I read it somewhere, trying to find it again.


----------



## grapeman (Jul 7, 2017)

You need adequate water to provide thorough coverage of the vines and then use the amount of fungicide per acre in that amount. It is highly dependent on the type of sprayer used. I assume you are using a backpack sprayer since you list 2 gallons. I highly doubt that you will use 150 spray tanks to cover the acre with that. If you used let's say 15 tanks per acre instead then you would only be getting one tenth the amount of spray material needed. Measure the area you can spray with one tank and that gives you the coverage per sprayer tank. For example you measure 3000 square feet (200 feet by 2 rows at 7.5 feet apart). Divide that into an acre of 43560 square feet and you get about 15 tanks. For example use the mancozeb at 4 pounds per acre or 64 ounces per acre divided by 15 or about 4 ounces per tank load. It will be hard to keep that suspended in a backpack without agitation. Liquids are easier to use in a backpack and keep in suspension or solution. These are just example but should give you an idea.


----------



## BigH (Jul 24, 2017)

shrewsbury said:


> Here is what I came up with.
> 
> Abound = 1/2 teaspoon per 2 gallons
> Mancozeb = 1 ounce per 2 gallons
> ...



Grapeman speaks the truth. You have to get the right amount of fungicide applied. The water is just the carrier. Don't pick how much water you are going to spray, and let that determine how much fungicide you apply. Instead, flip that around and decide how much fungicide to spray, and let that determine how much water you need (while staying within the manufacturers suggested mix ratios)
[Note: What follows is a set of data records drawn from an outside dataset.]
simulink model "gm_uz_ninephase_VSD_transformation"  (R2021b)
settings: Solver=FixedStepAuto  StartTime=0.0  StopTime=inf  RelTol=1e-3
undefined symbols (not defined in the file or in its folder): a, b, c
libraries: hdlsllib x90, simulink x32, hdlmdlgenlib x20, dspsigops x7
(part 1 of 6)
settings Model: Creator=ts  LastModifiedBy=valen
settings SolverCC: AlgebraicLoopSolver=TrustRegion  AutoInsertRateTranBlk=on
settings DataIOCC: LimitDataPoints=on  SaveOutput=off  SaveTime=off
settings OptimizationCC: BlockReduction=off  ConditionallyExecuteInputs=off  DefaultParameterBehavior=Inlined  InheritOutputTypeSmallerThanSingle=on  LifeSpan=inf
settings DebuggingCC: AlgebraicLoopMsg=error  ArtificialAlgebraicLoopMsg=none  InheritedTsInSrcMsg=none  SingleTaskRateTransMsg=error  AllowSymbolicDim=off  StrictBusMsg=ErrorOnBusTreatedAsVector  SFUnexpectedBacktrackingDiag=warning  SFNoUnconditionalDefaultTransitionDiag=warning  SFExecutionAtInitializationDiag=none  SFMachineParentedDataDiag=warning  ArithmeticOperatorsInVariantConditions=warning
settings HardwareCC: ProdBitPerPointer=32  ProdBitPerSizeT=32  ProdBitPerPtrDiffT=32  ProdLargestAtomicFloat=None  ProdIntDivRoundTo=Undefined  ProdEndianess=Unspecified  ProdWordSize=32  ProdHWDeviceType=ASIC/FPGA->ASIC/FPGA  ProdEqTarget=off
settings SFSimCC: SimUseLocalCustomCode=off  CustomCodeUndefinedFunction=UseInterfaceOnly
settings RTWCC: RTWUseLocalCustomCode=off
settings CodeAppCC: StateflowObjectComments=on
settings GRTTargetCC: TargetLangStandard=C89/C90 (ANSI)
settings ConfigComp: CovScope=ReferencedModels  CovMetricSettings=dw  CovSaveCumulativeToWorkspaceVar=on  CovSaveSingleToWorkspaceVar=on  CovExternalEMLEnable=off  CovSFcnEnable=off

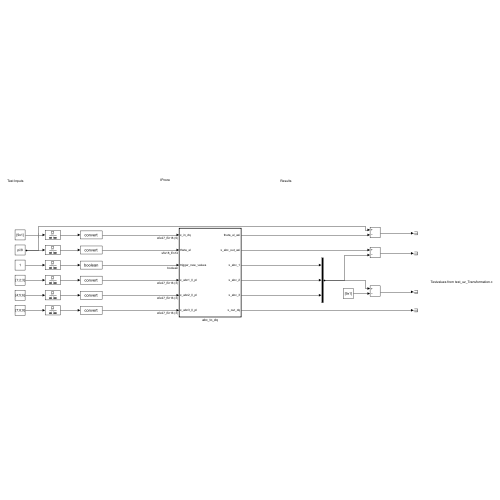
[thumbnail: Simulink's stored preview of the top-level diagram]
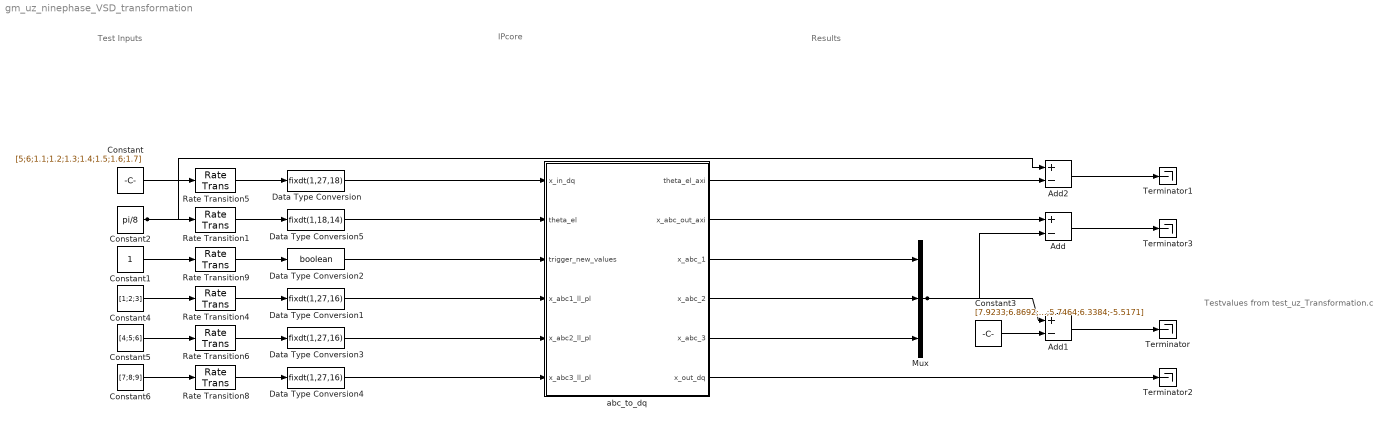
== system gm_uz_ninephase_VSD_transformation ==
  note: Testvalues from test_uz_Transformation.c
  note: IPcore
  note: Test Inputs
  note: Results
  Add : Sum  Inputs=+-
  Add1 : Sum  Inputs=+-
  Add2 : Sum  Inputs=+-
  Constant : Constant  Value=[5;6;1.1;1.2;1.3;1.4;1.5;1.6;1.7]
  Constant1 : Constant
  Constant2 : Constant  Value=pi/8
  Constant3 : Constant  Value=[7.9233;6.8692;-6.3925;5.6551;1.8092;-7.7966;5.7464;6.3384;-5.5171]  OutDataTypeStr=single
  Constant4 : Constant  Value=[1;2;3]
  Constant5 : Constant  Value=[4;5;6]
  Constant6 : Constant  Value=[7;8;9]
  Data Type Conversion : DataTypeConversion  OutDataTypeStr=fixdt(1,27,18)
  Data Type Conversion1 : DataTypeConversion  OutDataTypeStr=fixdt(1,27,16)
  Data Type Conversion2 : DataTypeConversion  OutDataTypeStr=boolean
  Data Type Conversion3 : DataTypeConversion  OutDataTypeStr=fixdt(1,27,16)
  Data Type Conversion4 : DataTypeConversion  OutDataTypeStr=fixdt(1,27,16)
  Data Type Conversion5 : DataTypeConversion  OutDataTypeStr=fixdt(1,18,14)
  Mux : Mux  Inputs=3
  Rate Transition{1,4..6,8..9} (6 alike) : RateTransition  OutPortSampleTime=ts_uz_ninephase_VSD_transformation
  Terminator{,1..3} (4 alike) : Terminator
  abc_to_dq : Subsystem  TreatAsAtomicUnit=on
  wires:
  Add/1 -> Terminator3/1
  Constant5/1 -> Rate Transition6/1
  Constant6/1 -> Rate Transition8/1
  Constant4/1 -> Rate Transition4/1
  abc_to_dq/6(x_out_dq) -> Terminator2/1
  Add2/1 -> Terminator1/1
  abc_to_dq/1(theta_el_axi) -> Add2/2
  Add1/1 -> Terminator/1
  Constant3/1 -> Add1/2
  abc_to_dq/2(x_abc_out_axi) -> Add/1
  Mux/1 -> Add/2, Add1/1
  abc_to_dq/4(x_abc_2) -> Mux/2
  abc_to_dq/5(x_abc_3) -> Mux/3
  abc_to_dq/3(x_abc_1) -> Mux/1
  Constant2/1 -> Rate Transition1/1, Add2/1
  Constant/1 -> Rate Transition5/1
  Rate Transition1/1 -> Data Type Conversion5/1
  Data Type Conversion5/1 -> abc_to_dq/2(theta_el)
  Constant1/1 -> Rate Transition9/1
  Rate Transition9/1 -> Data Type Conversion2/1
  Data Type Conversion2/1 -> abc_to_dq/3(trigger_new_values)
  Rate Transition8/1 -> Data Type Conversion4/1
  Rate Transition6/1 -> Data Type Conversion3/1
  Rate Transition4/1 -> Data Type Conversion1/1
  Data Type Conversion3/1 -> abc_to_dq/5(x_abc2_ll_pl)
  Data Type Conversion4/1 -> abc_to_dq/6(x_abc3_ll_pl)
  Rate Transition5/1 -> Data Type Conversion/1
  Data Type Conversion1/1 -> abc_to_dq/4(x_abc1_ll_pl)
  Data Type Conversion/1 -> abc_to_dq/1(x_in_dq)

I put this spreadsheet together to help me remember how to mix my tank. Manzate and Ziram list min and max water carrier amounts per acre. I mix on the thick side using a 4 gallon Hudson SP2 backpack sprayer. 

For example, I mix 9.6 oz of manzate in my 4 gallon sprayer, a little more than 4x what you are doing. My vineyard is about 1/5 of an acre. I spray until my backpack is empty. My GDC rows get a couple passes.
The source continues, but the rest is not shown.